INSTRUCTIONS FOR THE TASK
Find every line below with the string "power" and pick it out.
[DATA — start]
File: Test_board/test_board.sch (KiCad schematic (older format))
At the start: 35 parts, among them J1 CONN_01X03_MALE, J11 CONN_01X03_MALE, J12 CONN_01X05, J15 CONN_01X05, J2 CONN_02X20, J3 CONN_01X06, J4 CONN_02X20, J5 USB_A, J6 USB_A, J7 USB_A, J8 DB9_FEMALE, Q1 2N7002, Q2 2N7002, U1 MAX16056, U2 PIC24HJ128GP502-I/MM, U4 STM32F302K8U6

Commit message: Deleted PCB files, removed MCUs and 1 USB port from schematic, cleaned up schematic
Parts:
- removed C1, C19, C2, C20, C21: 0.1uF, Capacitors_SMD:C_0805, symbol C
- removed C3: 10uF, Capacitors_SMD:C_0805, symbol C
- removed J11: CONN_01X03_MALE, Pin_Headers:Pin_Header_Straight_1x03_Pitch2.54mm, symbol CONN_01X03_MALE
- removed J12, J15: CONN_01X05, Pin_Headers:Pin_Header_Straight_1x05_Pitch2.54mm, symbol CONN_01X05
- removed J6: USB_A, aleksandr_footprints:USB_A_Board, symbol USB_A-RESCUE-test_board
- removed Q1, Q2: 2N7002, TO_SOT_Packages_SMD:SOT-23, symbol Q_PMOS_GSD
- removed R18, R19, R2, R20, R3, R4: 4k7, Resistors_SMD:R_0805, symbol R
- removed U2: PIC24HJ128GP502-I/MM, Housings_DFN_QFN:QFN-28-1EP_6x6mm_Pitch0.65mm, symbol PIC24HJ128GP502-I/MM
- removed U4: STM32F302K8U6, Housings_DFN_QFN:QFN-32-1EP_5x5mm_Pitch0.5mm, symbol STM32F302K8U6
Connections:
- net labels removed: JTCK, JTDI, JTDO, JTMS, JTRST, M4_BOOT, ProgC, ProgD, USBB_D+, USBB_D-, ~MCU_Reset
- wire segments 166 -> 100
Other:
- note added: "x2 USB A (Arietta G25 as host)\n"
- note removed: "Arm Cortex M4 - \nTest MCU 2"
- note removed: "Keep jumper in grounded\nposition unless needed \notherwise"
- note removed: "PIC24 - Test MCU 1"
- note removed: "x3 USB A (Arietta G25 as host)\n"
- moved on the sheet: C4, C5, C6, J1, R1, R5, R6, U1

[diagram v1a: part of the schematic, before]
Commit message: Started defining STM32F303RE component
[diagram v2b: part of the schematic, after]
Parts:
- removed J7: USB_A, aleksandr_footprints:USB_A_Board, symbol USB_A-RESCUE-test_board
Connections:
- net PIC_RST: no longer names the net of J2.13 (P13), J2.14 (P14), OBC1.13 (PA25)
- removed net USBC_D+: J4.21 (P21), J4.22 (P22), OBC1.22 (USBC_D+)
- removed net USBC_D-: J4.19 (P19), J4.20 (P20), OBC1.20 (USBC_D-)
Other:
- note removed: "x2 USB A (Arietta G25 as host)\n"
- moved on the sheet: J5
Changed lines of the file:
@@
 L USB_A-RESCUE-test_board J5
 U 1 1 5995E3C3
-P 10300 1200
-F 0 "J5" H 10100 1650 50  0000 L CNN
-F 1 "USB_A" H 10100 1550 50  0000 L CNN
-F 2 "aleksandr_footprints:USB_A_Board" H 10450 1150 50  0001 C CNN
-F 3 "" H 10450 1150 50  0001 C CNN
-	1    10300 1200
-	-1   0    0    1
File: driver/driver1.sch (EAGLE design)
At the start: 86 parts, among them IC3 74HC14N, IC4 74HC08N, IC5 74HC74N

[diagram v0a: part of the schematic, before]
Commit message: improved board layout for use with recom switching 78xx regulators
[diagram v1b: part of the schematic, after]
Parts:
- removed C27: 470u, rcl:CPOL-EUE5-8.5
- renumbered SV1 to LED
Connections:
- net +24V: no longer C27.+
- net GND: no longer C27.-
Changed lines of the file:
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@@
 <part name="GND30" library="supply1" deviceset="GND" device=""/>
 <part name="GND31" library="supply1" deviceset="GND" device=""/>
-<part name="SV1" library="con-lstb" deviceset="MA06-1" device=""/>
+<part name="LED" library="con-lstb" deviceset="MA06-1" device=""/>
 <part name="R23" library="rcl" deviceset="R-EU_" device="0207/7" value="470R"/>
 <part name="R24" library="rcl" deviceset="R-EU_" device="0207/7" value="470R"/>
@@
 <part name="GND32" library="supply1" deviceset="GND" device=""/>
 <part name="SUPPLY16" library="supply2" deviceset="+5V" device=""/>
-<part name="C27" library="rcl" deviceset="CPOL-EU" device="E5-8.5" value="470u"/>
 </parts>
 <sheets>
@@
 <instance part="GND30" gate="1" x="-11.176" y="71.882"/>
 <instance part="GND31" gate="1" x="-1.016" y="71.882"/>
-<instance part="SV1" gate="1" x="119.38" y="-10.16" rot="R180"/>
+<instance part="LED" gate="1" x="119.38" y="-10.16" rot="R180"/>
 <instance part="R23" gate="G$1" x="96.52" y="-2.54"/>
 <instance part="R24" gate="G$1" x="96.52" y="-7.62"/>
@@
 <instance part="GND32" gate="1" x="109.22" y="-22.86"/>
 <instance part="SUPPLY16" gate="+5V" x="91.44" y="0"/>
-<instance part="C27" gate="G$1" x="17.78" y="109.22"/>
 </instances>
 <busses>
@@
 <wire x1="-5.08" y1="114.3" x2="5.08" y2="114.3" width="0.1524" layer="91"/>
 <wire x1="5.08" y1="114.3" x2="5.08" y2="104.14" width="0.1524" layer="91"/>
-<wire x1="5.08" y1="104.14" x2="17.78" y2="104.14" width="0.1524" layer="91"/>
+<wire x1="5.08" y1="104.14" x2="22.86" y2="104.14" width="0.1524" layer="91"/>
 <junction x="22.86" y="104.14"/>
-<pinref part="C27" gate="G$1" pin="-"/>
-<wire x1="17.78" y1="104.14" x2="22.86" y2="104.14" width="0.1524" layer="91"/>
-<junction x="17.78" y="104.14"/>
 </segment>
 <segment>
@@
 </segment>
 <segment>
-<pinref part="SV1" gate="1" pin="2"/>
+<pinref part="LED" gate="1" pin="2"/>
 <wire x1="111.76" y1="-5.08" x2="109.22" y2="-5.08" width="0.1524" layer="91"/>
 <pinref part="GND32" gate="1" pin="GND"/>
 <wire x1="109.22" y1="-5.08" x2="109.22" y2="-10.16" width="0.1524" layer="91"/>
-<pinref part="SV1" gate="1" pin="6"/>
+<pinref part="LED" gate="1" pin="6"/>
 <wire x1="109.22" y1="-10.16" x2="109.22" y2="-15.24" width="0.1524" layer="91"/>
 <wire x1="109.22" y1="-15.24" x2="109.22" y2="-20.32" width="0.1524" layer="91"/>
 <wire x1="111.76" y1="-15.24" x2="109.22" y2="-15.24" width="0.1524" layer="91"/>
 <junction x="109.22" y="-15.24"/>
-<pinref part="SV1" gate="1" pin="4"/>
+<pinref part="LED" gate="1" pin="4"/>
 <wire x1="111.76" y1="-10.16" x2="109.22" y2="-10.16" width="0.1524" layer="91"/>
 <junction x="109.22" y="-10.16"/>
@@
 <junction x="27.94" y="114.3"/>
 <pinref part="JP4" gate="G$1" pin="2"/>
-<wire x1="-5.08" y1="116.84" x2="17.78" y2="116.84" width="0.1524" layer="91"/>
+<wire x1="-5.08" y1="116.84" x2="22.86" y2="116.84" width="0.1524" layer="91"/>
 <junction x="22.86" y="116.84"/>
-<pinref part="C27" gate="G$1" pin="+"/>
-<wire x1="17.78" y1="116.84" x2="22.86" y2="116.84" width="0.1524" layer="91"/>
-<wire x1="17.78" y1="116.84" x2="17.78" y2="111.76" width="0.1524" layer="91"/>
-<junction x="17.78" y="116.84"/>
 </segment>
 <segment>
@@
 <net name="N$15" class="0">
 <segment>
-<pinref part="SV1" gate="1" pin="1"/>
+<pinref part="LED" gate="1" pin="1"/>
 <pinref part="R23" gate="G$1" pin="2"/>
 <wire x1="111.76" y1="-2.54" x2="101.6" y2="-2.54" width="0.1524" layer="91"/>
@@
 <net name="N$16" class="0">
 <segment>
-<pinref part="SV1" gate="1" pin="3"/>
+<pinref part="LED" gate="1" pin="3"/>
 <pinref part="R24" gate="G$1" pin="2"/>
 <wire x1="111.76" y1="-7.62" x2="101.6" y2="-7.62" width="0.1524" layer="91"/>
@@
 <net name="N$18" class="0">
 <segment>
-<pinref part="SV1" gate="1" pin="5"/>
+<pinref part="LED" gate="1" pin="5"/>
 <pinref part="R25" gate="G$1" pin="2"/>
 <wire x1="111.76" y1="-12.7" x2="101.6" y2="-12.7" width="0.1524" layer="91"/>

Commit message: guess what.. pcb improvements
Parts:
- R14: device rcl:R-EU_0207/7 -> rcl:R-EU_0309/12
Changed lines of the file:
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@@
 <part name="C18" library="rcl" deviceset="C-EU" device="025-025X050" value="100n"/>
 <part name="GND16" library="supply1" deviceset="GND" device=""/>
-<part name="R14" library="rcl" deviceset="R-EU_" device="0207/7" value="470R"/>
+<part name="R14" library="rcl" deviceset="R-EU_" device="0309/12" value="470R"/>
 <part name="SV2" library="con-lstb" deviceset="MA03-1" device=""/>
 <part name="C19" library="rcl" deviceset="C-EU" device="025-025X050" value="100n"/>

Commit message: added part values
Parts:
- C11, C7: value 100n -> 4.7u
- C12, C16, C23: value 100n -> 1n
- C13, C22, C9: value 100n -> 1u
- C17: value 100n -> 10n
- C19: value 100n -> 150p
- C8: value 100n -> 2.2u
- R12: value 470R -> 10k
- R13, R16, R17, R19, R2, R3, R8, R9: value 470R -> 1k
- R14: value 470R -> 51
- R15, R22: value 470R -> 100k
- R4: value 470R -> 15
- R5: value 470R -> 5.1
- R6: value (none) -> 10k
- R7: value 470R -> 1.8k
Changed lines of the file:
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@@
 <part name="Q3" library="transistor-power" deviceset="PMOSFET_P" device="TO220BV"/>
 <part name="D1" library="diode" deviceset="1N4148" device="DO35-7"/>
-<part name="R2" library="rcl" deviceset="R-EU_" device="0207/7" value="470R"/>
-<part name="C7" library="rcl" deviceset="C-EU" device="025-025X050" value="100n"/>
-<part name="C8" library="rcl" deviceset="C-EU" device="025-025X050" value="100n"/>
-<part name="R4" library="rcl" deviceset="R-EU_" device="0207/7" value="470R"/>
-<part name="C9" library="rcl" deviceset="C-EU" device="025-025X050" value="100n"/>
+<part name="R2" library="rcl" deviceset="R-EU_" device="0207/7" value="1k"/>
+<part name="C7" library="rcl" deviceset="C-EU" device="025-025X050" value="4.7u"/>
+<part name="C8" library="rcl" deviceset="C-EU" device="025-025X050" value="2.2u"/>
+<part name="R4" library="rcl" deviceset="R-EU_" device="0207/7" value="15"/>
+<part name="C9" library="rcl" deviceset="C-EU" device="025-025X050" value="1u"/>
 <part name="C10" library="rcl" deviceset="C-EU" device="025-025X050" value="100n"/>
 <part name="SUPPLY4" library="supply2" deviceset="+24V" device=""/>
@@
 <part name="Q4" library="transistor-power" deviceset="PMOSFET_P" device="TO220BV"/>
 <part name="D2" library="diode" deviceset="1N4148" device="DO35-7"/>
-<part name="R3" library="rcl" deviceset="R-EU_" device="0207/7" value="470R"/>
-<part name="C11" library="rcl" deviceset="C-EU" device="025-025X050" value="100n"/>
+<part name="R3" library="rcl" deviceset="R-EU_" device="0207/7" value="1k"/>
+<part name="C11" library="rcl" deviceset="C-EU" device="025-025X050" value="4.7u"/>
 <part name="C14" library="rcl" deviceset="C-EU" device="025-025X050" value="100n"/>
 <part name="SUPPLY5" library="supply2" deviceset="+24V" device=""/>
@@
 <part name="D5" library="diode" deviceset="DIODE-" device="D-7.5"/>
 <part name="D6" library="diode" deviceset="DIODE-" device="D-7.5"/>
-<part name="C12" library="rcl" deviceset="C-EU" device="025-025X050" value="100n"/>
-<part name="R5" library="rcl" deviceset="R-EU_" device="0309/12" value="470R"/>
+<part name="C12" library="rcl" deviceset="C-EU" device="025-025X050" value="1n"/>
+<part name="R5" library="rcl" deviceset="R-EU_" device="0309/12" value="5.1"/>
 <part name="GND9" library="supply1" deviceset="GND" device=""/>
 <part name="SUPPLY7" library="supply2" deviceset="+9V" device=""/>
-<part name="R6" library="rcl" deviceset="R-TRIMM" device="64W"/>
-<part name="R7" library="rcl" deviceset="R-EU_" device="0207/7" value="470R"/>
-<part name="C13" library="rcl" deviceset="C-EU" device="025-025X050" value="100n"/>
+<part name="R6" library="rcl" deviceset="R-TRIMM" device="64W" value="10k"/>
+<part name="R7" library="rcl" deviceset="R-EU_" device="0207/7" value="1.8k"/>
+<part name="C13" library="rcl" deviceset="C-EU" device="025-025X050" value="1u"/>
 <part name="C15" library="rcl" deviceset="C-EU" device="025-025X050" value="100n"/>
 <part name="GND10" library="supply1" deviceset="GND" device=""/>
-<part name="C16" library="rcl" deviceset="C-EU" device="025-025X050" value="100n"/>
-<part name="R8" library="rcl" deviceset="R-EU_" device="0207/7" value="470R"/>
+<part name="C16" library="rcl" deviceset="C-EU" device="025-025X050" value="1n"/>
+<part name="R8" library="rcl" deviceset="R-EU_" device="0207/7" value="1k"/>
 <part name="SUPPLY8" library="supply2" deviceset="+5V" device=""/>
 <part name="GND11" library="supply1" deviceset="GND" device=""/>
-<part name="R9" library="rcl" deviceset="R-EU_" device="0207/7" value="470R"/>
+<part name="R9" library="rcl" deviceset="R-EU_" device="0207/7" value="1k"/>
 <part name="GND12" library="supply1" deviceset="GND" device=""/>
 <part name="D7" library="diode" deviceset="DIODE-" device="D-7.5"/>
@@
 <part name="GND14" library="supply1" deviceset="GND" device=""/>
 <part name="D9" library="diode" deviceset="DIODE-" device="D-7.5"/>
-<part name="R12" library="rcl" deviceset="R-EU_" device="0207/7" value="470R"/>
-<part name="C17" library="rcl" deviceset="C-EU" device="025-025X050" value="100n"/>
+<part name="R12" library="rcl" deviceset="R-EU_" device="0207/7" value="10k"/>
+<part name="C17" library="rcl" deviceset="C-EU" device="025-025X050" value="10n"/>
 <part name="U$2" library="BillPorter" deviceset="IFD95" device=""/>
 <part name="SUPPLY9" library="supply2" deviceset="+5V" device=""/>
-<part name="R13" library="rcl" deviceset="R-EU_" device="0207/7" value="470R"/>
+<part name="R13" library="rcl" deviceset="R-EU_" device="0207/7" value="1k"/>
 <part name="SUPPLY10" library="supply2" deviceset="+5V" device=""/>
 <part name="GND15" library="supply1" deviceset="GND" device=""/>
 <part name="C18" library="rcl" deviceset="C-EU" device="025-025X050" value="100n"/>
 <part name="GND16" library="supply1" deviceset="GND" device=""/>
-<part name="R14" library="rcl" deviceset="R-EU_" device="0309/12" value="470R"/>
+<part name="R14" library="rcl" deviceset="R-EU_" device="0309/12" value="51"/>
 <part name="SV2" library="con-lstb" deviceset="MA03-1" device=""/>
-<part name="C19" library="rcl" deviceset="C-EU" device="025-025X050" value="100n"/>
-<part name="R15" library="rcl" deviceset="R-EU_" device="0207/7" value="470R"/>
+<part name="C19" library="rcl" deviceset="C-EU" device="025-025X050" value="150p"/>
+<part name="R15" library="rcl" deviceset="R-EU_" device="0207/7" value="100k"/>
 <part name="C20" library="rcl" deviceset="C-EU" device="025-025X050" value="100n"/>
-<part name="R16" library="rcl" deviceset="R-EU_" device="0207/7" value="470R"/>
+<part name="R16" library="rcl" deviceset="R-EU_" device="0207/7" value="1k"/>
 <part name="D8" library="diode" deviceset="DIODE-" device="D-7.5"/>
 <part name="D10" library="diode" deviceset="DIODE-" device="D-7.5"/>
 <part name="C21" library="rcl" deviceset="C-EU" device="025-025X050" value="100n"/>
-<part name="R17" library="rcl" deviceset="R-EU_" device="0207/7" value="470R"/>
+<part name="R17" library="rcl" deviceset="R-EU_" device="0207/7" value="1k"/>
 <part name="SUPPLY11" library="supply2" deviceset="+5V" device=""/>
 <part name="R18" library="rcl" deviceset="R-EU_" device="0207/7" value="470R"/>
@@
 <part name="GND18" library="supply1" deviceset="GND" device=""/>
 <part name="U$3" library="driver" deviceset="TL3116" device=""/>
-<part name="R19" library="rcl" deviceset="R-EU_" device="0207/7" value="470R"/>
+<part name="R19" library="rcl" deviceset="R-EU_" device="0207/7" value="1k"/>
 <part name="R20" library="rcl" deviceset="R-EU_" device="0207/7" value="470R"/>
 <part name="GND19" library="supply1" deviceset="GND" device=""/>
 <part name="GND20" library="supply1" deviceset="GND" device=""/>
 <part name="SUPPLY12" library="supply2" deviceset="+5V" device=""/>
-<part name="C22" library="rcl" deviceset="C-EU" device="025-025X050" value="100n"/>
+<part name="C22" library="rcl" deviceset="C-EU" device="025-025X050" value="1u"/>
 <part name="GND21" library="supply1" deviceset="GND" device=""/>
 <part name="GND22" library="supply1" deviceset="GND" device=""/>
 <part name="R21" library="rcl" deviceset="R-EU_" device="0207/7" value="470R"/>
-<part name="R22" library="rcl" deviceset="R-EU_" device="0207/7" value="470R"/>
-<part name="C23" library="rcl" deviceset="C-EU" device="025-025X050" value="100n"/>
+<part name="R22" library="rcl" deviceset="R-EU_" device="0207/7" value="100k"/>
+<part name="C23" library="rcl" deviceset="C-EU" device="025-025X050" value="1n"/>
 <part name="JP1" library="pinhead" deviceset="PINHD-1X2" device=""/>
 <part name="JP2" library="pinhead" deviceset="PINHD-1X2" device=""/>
[DATA — finish]
THE ANSWER
 <part name="Q3" library="transistor-power" deviceset="PMOSFET_P" device="TO220BV"/>
 <part name="Q4" library="transistor-power" deviceset="PMOSFET_P" device="TO220BV"/>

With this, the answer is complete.